Stored data:

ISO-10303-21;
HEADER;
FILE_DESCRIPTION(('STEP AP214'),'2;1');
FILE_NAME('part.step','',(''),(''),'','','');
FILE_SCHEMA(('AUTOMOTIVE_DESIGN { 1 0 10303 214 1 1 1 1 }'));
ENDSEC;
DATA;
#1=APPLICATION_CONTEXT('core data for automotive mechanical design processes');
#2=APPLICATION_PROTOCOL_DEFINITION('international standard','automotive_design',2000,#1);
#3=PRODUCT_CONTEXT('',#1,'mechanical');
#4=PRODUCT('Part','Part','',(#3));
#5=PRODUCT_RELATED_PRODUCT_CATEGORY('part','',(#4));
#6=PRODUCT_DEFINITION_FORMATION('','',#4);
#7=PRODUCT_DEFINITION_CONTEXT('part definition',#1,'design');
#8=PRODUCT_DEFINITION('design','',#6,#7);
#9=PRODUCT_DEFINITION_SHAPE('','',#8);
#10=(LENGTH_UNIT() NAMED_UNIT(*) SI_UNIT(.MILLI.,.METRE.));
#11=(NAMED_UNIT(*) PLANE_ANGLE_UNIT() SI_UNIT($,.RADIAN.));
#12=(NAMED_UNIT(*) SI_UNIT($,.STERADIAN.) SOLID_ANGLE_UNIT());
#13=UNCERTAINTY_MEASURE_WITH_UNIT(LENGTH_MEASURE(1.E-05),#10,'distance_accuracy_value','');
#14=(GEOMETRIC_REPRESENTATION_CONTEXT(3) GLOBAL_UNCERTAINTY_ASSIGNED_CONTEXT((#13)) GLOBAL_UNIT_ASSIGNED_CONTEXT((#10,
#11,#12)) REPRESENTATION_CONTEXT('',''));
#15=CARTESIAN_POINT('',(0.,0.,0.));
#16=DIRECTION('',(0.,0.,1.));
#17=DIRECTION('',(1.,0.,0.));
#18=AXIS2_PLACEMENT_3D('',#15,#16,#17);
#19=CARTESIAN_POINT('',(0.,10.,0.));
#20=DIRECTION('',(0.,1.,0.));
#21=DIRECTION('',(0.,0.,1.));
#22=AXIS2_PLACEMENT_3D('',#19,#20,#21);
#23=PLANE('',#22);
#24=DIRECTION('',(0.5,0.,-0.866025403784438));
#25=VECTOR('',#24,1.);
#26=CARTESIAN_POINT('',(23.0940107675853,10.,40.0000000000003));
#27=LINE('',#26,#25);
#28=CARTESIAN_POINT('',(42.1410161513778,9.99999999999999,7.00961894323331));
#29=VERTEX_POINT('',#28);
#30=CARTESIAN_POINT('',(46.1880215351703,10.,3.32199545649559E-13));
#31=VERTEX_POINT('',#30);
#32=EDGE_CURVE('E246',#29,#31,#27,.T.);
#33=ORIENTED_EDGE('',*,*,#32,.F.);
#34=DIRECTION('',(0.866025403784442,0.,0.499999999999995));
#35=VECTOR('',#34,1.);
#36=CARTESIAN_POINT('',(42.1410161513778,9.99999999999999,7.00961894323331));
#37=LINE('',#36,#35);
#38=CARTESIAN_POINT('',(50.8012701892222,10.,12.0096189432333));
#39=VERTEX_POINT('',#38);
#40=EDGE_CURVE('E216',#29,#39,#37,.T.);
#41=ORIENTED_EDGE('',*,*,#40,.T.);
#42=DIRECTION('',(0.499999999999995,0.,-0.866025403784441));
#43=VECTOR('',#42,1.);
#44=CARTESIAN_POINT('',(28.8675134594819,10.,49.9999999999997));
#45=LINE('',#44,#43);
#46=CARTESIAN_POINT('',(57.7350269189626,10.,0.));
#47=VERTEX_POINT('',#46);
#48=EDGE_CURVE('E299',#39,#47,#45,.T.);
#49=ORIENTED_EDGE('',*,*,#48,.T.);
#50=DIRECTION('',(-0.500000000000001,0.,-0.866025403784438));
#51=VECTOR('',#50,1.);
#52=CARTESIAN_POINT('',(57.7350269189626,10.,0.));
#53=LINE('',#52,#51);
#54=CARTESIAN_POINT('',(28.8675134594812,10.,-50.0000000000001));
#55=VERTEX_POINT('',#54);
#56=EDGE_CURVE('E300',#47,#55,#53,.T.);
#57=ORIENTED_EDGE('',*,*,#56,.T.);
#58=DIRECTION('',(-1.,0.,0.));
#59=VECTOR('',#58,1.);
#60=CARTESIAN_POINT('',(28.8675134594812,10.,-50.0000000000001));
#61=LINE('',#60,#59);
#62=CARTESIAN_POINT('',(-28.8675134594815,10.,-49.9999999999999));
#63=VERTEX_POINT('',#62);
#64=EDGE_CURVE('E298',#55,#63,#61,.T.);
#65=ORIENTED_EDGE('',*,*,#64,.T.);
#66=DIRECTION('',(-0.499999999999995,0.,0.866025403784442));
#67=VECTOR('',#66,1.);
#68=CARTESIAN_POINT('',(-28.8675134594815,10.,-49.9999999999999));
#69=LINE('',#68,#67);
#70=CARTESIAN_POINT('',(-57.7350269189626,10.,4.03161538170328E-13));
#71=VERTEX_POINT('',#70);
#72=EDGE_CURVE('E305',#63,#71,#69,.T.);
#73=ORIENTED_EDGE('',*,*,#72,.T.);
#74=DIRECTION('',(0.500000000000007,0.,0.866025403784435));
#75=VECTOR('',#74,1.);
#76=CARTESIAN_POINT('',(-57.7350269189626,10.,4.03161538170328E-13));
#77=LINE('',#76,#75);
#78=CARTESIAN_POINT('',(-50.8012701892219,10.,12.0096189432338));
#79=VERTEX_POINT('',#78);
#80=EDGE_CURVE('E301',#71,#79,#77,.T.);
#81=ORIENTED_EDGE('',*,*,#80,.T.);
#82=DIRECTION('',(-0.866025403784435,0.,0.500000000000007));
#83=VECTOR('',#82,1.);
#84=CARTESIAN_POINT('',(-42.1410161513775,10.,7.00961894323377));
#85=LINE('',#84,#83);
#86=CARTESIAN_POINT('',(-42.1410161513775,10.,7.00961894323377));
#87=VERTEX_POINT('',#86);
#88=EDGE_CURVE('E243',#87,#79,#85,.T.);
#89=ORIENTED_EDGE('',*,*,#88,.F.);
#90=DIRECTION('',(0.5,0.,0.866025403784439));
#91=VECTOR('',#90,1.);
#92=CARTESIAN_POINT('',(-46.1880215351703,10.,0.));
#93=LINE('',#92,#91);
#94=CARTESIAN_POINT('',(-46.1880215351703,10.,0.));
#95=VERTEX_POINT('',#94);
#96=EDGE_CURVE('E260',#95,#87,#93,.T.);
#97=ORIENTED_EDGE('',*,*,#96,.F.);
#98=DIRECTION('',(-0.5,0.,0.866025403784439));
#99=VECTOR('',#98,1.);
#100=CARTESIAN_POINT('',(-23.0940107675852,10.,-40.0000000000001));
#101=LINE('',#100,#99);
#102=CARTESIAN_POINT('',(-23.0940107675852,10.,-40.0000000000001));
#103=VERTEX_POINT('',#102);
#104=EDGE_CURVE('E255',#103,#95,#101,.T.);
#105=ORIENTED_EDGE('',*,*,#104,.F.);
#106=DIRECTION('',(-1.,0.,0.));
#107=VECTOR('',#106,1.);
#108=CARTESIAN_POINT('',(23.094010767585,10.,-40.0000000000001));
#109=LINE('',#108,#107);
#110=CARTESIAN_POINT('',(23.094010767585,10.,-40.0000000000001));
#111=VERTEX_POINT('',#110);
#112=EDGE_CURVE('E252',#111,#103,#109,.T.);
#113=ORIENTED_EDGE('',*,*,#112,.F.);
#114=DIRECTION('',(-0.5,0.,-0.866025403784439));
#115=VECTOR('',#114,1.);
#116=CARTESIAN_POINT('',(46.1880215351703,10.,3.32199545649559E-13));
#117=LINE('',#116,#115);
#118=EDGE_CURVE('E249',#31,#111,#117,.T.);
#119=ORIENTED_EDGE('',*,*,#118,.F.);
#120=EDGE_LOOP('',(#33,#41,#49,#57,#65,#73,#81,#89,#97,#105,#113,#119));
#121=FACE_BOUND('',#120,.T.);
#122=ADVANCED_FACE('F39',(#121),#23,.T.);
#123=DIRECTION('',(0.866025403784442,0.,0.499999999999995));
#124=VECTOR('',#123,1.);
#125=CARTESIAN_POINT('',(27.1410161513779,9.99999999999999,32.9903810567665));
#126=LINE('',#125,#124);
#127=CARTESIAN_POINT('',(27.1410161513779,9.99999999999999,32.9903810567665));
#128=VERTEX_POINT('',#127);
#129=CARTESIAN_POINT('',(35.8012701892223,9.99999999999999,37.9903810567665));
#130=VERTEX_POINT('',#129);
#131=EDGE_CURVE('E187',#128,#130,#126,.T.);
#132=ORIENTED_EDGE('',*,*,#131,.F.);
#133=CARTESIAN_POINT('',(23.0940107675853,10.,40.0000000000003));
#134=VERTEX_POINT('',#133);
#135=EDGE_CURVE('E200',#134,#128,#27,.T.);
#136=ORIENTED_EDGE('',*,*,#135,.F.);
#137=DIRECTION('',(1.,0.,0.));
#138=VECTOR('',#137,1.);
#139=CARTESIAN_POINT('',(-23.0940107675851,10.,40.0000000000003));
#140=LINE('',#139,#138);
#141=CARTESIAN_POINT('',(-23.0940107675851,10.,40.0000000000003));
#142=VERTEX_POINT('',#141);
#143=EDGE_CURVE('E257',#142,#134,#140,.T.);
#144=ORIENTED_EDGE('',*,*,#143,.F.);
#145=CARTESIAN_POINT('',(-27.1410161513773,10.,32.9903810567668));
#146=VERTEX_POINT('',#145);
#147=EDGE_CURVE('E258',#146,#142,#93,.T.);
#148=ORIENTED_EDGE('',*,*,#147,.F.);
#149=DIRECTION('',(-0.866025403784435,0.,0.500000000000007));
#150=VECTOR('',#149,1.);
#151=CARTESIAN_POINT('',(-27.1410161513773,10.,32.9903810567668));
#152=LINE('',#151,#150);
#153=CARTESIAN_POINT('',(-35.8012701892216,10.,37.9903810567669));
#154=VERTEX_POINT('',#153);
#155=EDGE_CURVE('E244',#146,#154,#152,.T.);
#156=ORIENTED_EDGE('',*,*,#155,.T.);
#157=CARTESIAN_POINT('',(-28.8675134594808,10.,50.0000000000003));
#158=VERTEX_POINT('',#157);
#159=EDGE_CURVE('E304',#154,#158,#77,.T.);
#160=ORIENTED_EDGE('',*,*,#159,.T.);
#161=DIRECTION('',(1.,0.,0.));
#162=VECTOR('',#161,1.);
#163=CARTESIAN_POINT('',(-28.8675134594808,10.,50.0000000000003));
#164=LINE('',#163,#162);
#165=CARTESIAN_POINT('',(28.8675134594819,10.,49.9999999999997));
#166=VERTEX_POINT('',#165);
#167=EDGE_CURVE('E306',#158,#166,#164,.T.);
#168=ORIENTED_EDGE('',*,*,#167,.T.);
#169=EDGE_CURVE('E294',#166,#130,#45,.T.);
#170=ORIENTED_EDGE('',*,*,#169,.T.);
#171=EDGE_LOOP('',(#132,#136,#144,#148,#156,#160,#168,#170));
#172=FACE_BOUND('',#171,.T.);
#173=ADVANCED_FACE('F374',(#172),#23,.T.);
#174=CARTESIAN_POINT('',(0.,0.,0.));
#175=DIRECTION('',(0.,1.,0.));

Assigned task: Give the number of lines in the data above that contain the word "mechanical", with no accompanying text.

Solution for this problem: 2